Via Weasel Zippers comes a provocative op-ed in the Boston Globe by Alan J. Kuperman, a professor of public affairs at the University of Texas and the author of The Limits of Humanitarian Intervention. The op-ed is titled "False pretense for war in Libya?"
Kuperman claims that President Barack Obama "grossly exaggerated the humanitarian threat" in Libya in order to justify military action there.
Last month, Obama said that U.S. military involvement in Libya was necessary in order to avoid "blood bath" and "humanitarian catastrophe."
The president said, "If we waited one more day, Benghazi . . . could suffer a massacre that would have reverberated across the region and stained the conscience of the world."
Notwithstanding the harrowing tale of alleged Libyan rape victim Iman al-Obeidi, Kuperman says that new data from Human Rights Watch paints a very different picture of what's actually happening on the ground in Libya.
But Human Rights Watch has released data on Misurata, the next-biggest city in Libya and scene of protracted fighting, revealing that Moammar Khadafy is not deliberately massacring civilians but rather narrowly targeting the armed rebels who fight against his government.
But that's Misurata.
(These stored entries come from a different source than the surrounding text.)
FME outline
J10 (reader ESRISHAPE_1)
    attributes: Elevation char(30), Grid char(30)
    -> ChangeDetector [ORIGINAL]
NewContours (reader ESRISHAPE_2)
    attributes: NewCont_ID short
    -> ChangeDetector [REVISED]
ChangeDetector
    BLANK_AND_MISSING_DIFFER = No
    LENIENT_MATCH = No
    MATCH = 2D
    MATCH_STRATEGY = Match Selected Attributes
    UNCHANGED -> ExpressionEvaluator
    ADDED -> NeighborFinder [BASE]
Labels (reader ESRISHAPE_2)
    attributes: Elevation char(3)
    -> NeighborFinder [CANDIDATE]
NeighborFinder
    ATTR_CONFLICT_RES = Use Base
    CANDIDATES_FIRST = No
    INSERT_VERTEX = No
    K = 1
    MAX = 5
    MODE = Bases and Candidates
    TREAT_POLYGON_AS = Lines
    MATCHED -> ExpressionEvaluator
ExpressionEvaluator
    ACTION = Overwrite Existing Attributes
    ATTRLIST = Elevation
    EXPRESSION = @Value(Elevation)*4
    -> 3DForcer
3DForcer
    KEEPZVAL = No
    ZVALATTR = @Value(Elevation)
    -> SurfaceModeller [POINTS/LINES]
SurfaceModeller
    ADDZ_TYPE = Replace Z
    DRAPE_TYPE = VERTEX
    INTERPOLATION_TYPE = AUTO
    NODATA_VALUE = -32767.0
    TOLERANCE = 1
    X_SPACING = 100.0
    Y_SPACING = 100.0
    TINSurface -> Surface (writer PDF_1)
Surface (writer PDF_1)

What about Benghazi?
Despite ubiquitous cellphones equipped with cameras and video, there is no graphic evidence of deliberate massacre. Images abound of victims killed or wounded in crossfire — each one a tragedy — but that is urban warfare, not genocide.
Nor did Khadafy ever threaten civilian massacre in Benghazi, as Obama alleged. The “no mercy’’ warning, of March 17, targeted rebels only, as reported by The New York Times, which noted that Libya’s leader promised amnesty for those “who throw their weapons away.’’ Khadafy even offered the rebels an escape route and open border to Egypt, to avoid a fight “to the bitter end.’’
If bloodbath was unlikely, how did this notion propel US intervention?
Kuperman explains that the rebels deftly crafted the narrative of an "impending genocide" in order to sway the international community to intervene in Libya.
And it worked.
So did the president lead the U.S. into war under false humanitarian pretenses, or was he duped by the rebels? Either way, Professor Kuperman paints a rather grim picture of the president's Libya debacle. "It is hard to know whether the White House was duped by the rebels or conspired with them to pursue regime-change on bogus humanitarian grounds," he writes.